Puis-je utiliser mon CPF pour une reconversion après une fermeture ?
Oui, votre Compte Personnel de Formation (CPF) peut financer des formations éligibles à la reconversion, sous réserve qu’elles soient certifiantes et proposées par un organisme labellisé Qualiopi. Vous pouvez consulter vos droits et rechercher des formations sur [Mon Compte Formation](https://www.moncompteformation.gouv.fr/).
Quelles aides régionales existent pour les travailleurs de l’Aisne ?
La région Hauts-de-France et le département de l’Aisne proposent des aides spécifiques : parcours de qualification, chèques formation, subventions pour la création d’entreprise, ou encore aides à la mobilité. Ces dispositifs sont accessibles via les Maisons de l’Emploi, les Pôles Emploi locaux ou directement auprès des institutions régionales.
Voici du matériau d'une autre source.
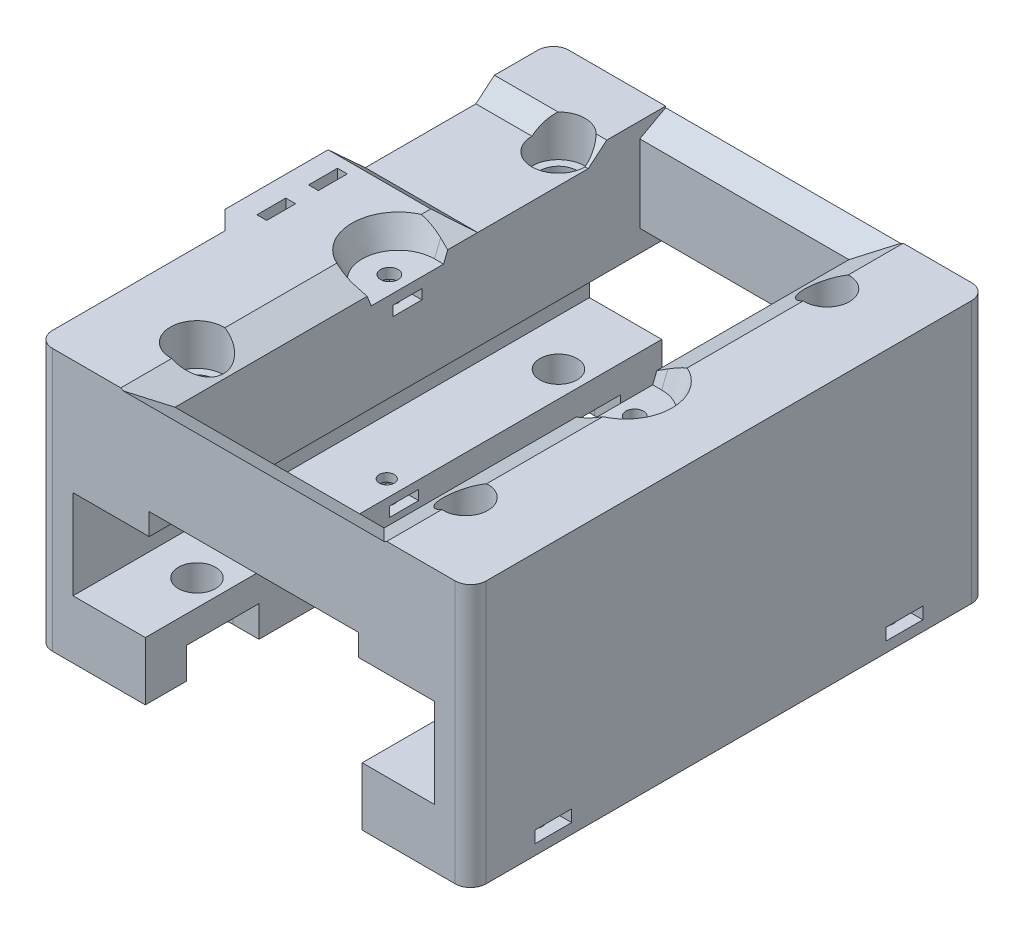
SolidWorks part; units mm, degrees
material "ABS"
ref_plane "Спереди" through (0, 0, 0) normal (0, 0, 1) x (1, 0, 0)
ref_plane "Сверху" through (0, 0, 0) normal (0, 1, 0) x (1, 0, 0)
ref_plane "Справа" through (0, 0, 0) normal (1, 0, 0) x (0, 0, -1)
sketch "Эскиз1" plane through (0, 0, 0) normal (0, 1, 0) x (1, 0, 0)
  line L1 (42, -50) -> (-42, -50)
  line L2 (42, -50) -> (42, 50)
  line L3 (42, 50) -> (-42, 50)
  line L4 (-42, -50) -> (-42, 50)
  line L5 (42, -50) -> (-42, 50) construction
  line L6 (42, 50) -> (-42, -50) construction
  point P0 (0, 0)
  dimension "D1" = 100
  dimension "D2" = 84
extrude "Бобышка-Вытянуть1" add sketch "Эскиз1" along normal blind 18
sketch "Эскиз2" plane through (0, 0, 50) normal (0, 0, 1) x (1, 0, 0)
  line L0 (0, 18) -> (0, -8) construction
  line L1 (-42, 0) -> (-19, 0)
  line L2 (-42, 0) -> (-42, -32.8)
  line L3 (-42, -32.8) -> (-19, -32.8)
  line L4 (-19, 0) -> (-19, -32.8)
  line L5 (-42, 18) -> (42, 18) construction
  line L6 (19, 0) -> (19, -32.8)
  line L7 (42, -32.8) -> (19, -32.8)
  line L8 (42, 0) -> (42, -32.8)
  line L9 (42, 0) -> (19, 0)
  dimension "D1" = 32.8
  dimension "D2" = 23
  dimension "D3" = 26
  dimension "D4" = 23
extrude "Бобышка-Вытянуть2" add sketch "Эскиз2" against normal up to surface (100 mm away) up to face at (0, 9, -50)
sketch "Эскиз5" plane through (0, 0, 50) normal (0, 0, 1) x (1, 0, 0)
  line L0 (0, -55) -> (0, 55) construction
  line L5 (19, -32.8) -> (42, -32.8) construction
  line L6 (-20.5, -21.5) -> (-35, -21.5)
  line L8 (-20.25, -4.2) -> (-35, -4.2)
  line L9 (-35, -21.5) -> (-35, -4.2)
  line L10 (-42, -32.8) -> (-19, -32.8) construction
  line L11 (-19, -32.8) -> (-20.5, -32.8)
  line L14 (-20.5, -32.8) -> (-20.5, -21.5)
  line L15 (20.5, -32.8) -> (20.5, -21.5)
  line L17 (19, -32.8) -> (20.5, -32.8)
  line L18 (35, -21.5) -> (35, -4.2)
  line L21 (20.5, -21.5) -> (35, -21.5)
  line L22 (20.25, -4.2) -> (35, -4.2)
  line L23 (-19, -4.2) -> (-19, -32.8)
  line L24 (19, -4.2) -> (19, -32.8)
  line L33 (-19, -4.2) -> (-19, 0)
  line L34 (-19, 0) -> (-20.25, 0)
  line L35 (-20.25, -4.2) -> (-20.25, 0)
  line L37 (19, -4.2) -> (19, 0)
  line L38 (19, 0) -> (20.25, 0)
  line L39 (20.25, -4.2) -> (20.25, 0)
  dimension "D1" = 17.3
  dimension "D2" = 16
  dimension "D3" = 11.3
  dimension "D4" = 17.3
  dimension "D5" = 1.5
  dimension "D6" = 1.5
  dimension "D7" = 11.3
  dimension "D8" = 1.25
  dimension "D9" = 1.25
extrude "Вырез-Вытянуть1" cut sketch "Эскиз5" against normal up to surface (100 mm away) up to face at (0, -11.9, -50)
hole_wizard "Отверстие1" positions "Эскиз8" profile "Эскиз10" legacy
sketch "Эскиз8" plane through (0, -32.8, 0) normal (0, -1, 0) x (-1, 0, 0)
  line L0 (-42, 50) -> (-20.5, 50) construction
  line L1 (-20.5, -50) -> (-42, -50) construction
  point P4 (-26, -35)
  point P6 (-26, 35)
  dimension "D1" = 15
  dimension "D2" = 15
  dimension "D4" = 26
  dimension "D8" = 26
sketch "Эскиз10" plane through (26, -32.8, 35) normal (1, 0, 0) x (0, 0, -1)
  line L0 (0, 0) -> (0, 45)
  line L1 (0, 45) -> (2.3, 45)
  line L2 (2.3, 45) -> (2.3, 6)
  line L3 (2.3, 6) -> (4.8, 6)
  line L4 (4.8, 6) -> (4.8, 0)
  line L5 (4.8, 0) -> (0, 0)
  line L10 (0, 45) -> (-2.3, 45) construction
  line L11 (0, -6.35) -> (0, 107.95) construction
  dimension "Диаметр отверстия" = 4.6
  dimension "Глубина отверстия" = 45
  dimension "Диаметр цековки" = 9.6
  dimension "Глубина цековки" = 6
  dimension "Угол заточки сверла" = 180
sketch "Эскиз12" plane through (0, 18, 0) normal (0, 1, 0) x (1, 0, 0)
  line L5 (-20.25, -45) -> (20.25, -45)
  line L6 (-20.25, -45) -> (-20.25, 45)
  line L7 (-20.25, 45) -> (20.25, 45)
  line L8 (20.25, -45) -> (20.25, 45)
  line L9 (-20.25, -45) -> (20.25, 45) construction
  line L10 (-20.25, 45) -> (20.25, -45) construction
  point P0 (0, 0)
  dimension "D1" = 90
  dimension "D2" = 40.5
extrude "Вырез-Вытянуть3" cut sketch "Эскиз12" against normal up to next
sketch "Эскиз13" plane through (0, 18, 0) normal (0, 1, 0) x (1, 0, 0)
  line L0 (22, 7) -> (-20.25, 7)
  line L1 (-20.25, 45) -> (-20.25, -45) construction
  line L2 (-20.25, 7) -> (-20.25, -7)
  line L3 (-20.25, -7) -> (22, -7)
  line L4 (0, -27.94) -> (0, 27.94) construction
  line L5 (20.25, -7) -> (-22, -7)
  line L6 (20.25, 7) -> (20.25, -7)
  line L7 (-22, 7) -> (20.25, 7)
  arc A0 (22, -7) -> (22, 7) centre (22, 0) ccw
  arc A1 (-22, -7) -> (-22, 7) centre (-22, 0) cw
  dimension "D1" = 14
  dimension "D2" = 22
extrude "Вырез-Вытянуть4" cut sketch "Эскиз13" against normal blind 5 flip side to cut
hole_wizard "Отверстие с зазором M31" positions "Эскиз14" profile "Эскиз15" hole size "M3" standard "ISO"
sketch "Эскиз14" plane through (0, 13, 0) normal (0, 1, 0) x (1, 0, 0)
  line L0 (-42, -50) -> (42, -50) construction
  point P0 (-23.75, 0)
  point P2 (23.75, 0)
  dimension "D1" = 23.75
  dimension "D2" = 23.75
  dimension "D3" = 50
  dimension "D4" = 50
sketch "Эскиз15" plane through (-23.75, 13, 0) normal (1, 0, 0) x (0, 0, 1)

Comment choisir une formation adaptée à ma reconversion ?
Pour choisir une formation pertinente, identifiez d’abord vos compétences transférables, ciblez un secteur porteur (commerce, logistique, numérique, etc.), privilégiez les formations certifiantes et labellisées Qualiopi, et faites-vous accompagner par un conseiller en évolution professionnelle (CEP) pour affiner votre projet.
Quelles erreurs éviter lors d’une reconversion professionnelle ?
Évitez de vous lancer sans projet clair, de négliger les aspects financiers, de vous former dans un secteur saturé ou de vous isoler. Une reconversion réussie repose sur une réflexion approfondie, un accompagnement personnalisé et une préparation rigoureuse.
Puis-je bénéficier de l’ARCE après une fermeture ?
Oui, l’Aide à la Reprise ou à la Création d’Entreprise (ARCE) est accessible aux demandeurs d’emploi indemnisés par Pôle Emploi qui souhaitent créer ou reprendre une entreprise. Elle permet de recevoir 45 % des droits restants à l’allocation chômage en deux fois. Renseignez-vous auprès de Pôle Emploi pour vérifier votre éligibilité.